- TASK INSTRUCTIONS
Within the records, which lines hold the string "loaded"? Report each one by copying it.

++++++++++++++++++++

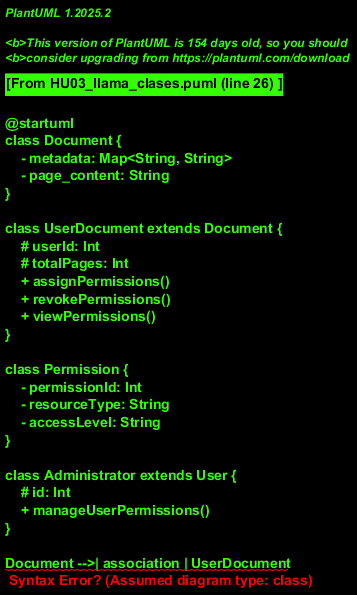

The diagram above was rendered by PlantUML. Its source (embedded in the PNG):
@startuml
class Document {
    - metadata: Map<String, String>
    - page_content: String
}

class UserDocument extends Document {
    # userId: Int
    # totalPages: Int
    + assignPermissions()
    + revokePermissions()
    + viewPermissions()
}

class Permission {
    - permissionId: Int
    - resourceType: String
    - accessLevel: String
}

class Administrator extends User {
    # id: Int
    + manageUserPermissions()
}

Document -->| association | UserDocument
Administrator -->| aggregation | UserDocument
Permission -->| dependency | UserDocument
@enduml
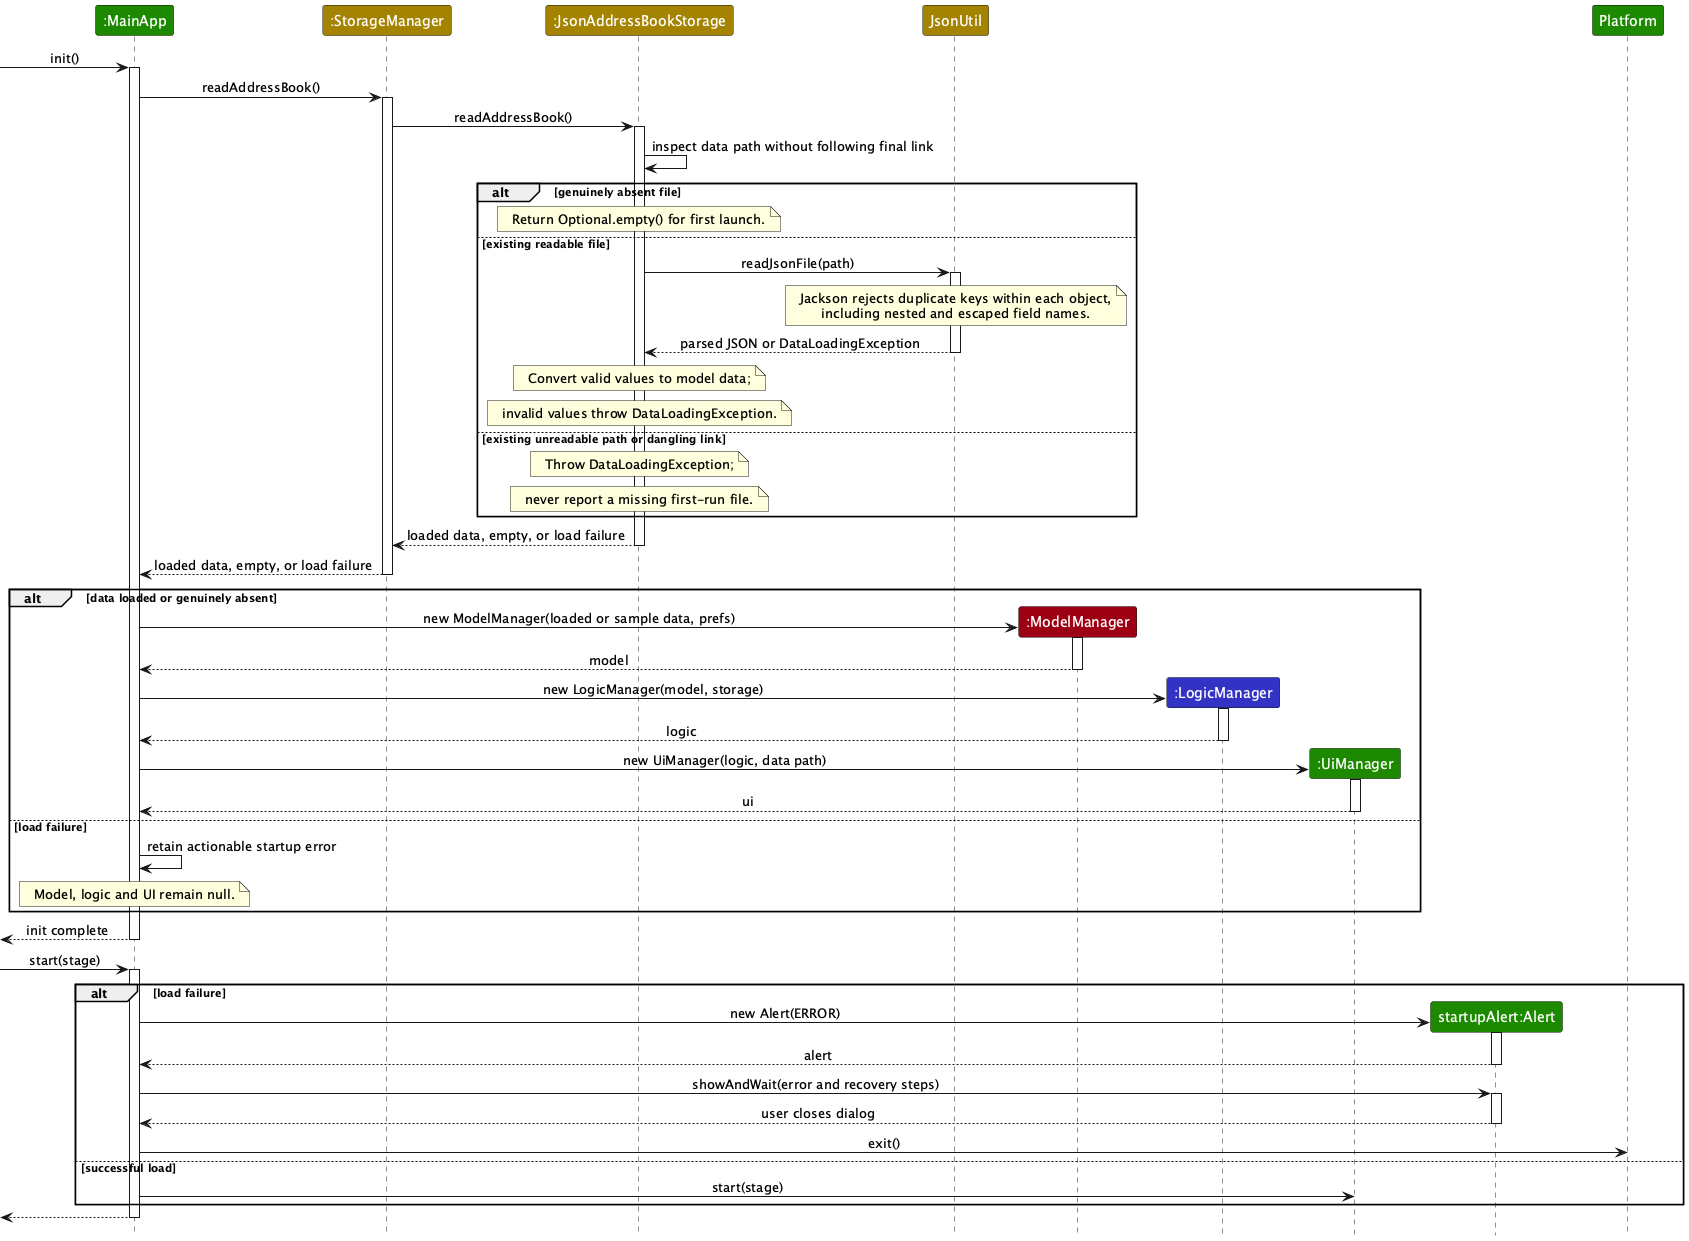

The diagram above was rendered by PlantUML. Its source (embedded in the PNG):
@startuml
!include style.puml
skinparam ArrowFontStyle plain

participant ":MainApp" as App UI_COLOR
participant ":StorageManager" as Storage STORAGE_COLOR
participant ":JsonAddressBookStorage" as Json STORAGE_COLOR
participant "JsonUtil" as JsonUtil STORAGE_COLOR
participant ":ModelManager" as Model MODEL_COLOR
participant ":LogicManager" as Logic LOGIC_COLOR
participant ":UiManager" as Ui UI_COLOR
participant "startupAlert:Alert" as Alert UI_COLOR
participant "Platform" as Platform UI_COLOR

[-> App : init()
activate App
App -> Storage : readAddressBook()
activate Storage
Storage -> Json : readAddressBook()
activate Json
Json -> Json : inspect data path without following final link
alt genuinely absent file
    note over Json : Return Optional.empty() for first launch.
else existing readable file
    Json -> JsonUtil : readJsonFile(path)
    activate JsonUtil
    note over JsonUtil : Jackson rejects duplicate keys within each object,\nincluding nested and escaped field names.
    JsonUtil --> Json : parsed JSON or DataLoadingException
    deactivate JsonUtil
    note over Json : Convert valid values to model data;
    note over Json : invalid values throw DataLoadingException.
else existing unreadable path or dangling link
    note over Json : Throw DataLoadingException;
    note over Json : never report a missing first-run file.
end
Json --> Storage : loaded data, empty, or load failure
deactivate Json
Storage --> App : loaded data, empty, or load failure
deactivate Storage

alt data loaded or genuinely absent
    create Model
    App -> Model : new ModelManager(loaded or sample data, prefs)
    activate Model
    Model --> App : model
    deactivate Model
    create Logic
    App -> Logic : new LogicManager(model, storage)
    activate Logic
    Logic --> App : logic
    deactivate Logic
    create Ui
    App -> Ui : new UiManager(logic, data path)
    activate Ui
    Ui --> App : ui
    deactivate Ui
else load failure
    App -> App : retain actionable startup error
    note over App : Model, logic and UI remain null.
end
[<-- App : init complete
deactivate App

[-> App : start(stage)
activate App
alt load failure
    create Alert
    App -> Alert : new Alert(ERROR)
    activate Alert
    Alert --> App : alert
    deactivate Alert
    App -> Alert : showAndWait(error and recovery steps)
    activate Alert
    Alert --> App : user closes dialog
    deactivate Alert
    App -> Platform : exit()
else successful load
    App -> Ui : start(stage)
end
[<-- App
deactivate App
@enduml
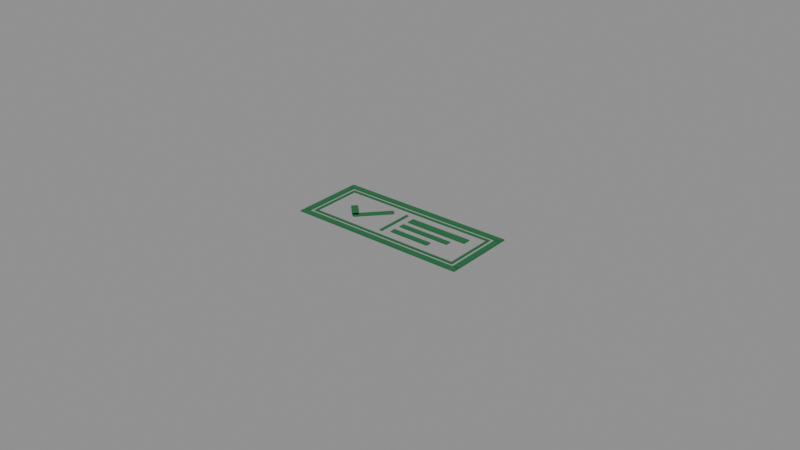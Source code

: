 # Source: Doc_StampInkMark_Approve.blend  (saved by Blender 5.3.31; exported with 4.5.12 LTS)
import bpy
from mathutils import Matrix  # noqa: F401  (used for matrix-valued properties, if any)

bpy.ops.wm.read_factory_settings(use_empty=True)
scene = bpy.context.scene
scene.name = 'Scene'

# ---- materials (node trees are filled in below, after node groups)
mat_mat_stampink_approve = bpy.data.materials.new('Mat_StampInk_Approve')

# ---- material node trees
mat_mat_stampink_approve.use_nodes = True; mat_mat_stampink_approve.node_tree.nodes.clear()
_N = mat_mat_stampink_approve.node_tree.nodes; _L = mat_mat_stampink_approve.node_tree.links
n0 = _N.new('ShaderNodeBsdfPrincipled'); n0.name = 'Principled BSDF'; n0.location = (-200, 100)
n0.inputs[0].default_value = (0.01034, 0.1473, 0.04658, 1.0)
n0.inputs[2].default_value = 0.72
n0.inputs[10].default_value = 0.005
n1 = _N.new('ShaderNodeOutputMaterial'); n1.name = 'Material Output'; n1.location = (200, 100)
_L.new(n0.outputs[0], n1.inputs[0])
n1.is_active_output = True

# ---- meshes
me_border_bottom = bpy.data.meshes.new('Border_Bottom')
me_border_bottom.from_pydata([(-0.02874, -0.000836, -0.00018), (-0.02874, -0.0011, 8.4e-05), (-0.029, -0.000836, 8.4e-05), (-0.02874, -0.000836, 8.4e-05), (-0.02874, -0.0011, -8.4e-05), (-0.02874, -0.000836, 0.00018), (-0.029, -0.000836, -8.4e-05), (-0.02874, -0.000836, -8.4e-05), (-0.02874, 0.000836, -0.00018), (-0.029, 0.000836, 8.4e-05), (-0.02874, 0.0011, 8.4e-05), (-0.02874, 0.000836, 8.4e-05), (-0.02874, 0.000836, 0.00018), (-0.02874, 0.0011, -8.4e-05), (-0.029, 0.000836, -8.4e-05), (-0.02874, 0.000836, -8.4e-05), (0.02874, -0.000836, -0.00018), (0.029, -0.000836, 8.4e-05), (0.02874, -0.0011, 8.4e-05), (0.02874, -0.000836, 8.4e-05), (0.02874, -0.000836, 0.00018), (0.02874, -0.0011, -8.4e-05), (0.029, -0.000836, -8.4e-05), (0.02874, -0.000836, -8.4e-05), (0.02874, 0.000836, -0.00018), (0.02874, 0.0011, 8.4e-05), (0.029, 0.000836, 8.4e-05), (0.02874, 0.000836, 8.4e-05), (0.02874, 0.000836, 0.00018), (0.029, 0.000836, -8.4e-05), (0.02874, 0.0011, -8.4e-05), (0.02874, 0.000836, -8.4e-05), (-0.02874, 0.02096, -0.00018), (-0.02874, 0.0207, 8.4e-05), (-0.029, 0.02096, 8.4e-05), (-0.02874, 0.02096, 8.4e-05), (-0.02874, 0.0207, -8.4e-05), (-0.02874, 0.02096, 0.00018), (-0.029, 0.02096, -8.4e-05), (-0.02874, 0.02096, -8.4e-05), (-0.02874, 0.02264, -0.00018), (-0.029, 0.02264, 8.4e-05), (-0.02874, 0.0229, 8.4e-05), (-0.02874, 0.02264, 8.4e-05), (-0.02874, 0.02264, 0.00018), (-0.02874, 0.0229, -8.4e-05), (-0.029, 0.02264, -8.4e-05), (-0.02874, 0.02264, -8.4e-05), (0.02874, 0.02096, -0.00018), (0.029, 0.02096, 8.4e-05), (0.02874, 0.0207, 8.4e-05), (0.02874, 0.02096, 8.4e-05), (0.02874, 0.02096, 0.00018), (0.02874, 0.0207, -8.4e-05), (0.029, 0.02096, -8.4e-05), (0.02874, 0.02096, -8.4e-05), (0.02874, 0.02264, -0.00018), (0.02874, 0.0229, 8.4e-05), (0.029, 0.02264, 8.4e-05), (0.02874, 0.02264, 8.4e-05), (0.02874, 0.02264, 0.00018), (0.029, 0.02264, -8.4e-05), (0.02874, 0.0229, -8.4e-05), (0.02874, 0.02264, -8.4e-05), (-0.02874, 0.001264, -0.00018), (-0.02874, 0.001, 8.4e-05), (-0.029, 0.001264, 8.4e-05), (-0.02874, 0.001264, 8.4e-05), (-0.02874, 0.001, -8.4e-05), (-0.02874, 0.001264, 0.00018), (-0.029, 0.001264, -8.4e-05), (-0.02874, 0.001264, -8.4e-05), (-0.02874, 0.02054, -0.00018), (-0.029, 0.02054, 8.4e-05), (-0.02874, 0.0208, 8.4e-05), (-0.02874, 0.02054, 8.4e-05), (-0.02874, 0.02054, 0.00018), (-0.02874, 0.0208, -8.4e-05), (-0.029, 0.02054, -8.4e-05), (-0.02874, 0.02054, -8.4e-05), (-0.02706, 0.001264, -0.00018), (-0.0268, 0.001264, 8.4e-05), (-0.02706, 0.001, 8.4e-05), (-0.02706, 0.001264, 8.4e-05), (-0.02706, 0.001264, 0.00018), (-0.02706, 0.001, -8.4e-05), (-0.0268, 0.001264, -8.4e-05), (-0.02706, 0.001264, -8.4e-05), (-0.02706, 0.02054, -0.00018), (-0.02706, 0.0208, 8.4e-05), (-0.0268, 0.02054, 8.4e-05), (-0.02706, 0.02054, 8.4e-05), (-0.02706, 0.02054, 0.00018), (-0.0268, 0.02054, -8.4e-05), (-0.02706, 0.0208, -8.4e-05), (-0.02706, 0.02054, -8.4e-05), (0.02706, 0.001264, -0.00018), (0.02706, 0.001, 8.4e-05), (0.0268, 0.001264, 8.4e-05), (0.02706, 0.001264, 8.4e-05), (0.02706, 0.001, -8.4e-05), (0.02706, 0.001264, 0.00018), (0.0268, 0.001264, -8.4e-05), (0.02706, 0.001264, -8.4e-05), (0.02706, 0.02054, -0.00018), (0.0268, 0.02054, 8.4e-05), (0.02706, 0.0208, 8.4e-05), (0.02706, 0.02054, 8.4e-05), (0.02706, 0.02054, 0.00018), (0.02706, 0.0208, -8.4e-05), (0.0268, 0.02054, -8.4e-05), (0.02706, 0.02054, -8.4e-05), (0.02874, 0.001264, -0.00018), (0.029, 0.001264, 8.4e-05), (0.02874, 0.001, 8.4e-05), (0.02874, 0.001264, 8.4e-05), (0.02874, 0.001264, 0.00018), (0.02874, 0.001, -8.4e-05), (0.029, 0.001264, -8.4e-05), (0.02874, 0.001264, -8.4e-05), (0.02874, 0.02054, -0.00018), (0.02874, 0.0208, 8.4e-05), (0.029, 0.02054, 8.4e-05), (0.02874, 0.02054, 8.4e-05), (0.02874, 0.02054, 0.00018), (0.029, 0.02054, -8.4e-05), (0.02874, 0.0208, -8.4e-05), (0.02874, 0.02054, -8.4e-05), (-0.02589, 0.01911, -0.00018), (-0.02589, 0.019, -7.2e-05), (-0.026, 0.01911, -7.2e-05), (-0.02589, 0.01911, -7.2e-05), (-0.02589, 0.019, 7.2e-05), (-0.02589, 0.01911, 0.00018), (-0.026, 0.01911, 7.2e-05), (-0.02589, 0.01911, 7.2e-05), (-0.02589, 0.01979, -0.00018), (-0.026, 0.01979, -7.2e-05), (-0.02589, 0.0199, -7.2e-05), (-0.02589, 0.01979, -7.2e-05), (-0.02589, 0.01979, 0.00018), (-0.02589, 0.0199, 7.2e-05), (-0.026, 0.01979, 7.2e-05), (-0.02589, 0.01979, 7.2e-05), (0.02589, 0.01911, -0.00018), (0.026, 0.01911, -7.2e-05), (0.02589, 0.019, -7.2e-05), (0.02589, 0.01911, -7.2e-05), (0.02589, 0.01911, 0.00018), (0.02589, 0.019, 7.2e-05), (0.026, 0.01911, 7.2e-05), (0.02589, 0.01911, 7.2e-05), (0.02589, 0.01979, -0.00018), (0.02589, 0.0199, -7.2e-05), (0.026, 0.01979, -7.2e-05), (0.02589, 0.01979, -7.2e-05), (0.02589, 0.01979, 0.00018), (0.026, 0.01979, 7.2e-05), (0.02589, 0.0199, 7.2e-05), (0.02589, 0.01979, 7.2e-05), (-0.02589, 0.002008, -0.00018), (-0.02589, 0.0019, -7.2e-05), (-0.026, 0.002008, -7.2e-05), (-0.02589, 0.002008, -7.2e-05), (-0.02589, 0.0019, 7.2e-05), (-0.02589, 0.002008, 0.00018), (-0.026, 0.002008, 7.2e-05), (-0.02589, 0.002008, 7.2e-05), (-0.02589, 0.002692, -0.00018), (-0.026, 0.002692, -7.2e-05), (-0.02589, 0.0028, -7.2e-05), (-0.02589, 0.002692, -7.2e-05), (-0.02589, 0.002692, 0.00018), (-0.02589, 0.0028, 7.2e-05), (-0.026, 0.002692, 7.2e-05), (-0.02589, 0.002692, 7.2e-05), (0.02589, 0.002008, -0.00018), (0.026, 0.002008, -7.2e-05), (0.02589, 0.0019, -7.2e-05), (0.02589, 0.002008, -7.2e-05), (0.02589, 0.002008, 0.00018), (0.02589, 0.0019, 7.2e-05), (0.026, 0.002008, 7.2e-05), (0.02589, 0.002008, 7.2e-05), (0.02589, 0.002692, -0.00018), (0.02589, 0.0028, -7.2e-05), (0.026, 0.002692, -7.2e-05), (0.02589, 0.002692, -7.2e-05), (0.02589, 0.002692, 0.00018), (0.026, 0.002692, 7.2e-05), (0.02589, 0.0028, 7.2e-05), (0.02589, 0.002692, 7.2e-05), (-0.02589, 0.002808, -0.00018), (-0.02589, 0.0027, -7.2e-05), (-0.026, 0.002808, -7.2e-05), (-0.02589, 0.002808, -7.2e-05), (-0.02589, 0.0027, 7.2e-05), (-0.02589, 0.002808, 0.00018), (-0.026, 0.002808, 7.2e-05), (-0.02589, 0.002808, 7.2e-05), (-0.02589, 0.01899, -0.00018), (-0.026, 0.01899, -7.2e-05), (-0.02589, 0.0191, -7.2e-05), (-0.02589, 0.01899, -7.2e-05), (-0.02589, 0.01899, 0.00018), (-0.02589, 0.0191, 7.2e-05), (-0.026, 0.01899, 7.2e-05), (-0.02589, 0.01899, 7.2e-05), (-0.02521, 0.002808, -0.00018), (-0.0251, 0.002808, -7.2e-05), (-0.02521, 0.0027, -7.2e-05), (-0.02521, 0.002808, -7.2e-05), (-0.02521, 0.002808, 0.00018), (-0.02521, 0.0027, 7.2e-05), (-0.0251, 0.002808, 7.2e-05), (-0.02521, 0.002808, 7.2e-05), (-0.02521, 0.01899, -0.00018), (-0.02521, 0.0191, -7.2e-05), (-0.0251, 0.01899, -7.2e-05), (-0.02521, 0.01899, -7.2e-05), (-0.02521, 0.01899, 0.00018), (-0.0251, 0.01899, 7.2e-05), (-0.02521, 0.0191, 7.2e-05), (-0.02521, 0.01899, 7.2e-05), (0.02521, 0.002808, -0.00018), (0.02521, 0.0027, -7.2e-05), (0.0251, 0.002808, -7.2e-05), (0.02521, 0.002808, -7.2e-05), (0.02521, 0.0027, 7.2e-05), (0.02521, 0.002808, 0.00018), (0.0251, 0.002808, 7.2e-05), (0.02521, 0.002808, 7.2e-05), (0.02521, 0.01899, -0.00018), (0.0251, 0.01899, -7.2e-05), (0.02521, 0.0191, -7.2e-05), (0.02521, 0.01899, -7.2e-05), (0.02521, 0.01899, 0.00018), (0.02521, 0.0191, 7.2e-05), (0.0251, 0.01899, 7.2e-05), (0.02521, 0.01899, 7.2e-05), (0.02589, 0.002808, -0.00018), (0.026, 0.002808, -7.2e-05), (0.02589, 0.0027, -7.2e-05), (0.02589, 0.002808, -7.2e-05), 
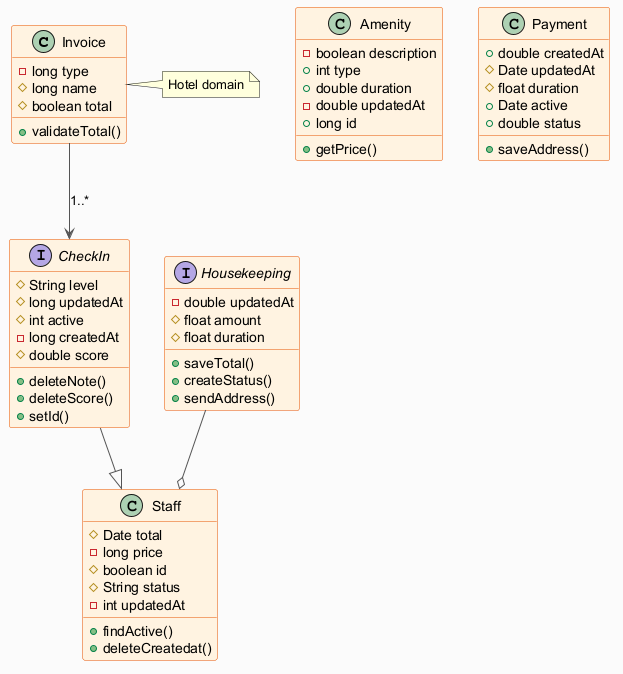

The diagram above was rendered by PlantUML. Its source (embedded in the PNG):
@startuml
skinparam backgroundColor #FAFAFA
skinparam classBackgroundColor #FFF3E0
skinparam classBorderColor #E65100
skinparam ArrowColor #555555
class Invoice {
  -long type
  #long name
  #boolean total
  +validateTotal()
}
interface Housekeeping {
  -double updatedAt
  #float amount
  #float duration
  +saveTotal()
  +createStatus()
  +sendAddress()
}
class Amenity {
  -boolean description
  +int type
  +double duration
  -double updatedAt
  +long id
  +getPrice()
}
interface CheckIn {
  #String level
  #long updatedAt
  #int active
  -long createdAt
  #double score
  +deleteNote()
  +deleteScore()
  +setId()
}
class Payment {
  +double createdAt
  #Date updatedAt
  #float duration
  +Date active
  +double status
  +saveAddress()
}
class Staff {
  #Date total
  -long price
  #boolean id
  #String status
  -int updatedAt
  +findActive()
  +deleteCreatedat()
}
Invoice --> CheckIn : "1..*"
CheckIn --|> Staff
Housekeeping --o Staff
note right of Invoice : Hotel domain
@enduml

++++++++++++++++++++

- COMPLETED EXERCISE
Json --> Storage : loaded data, empty, or load failure
Storage --> App : loaded data, empty, or load failure
alt data loaded or genuinely absent
    App -> Model : new ModelManager(loaded or sample data, prefs)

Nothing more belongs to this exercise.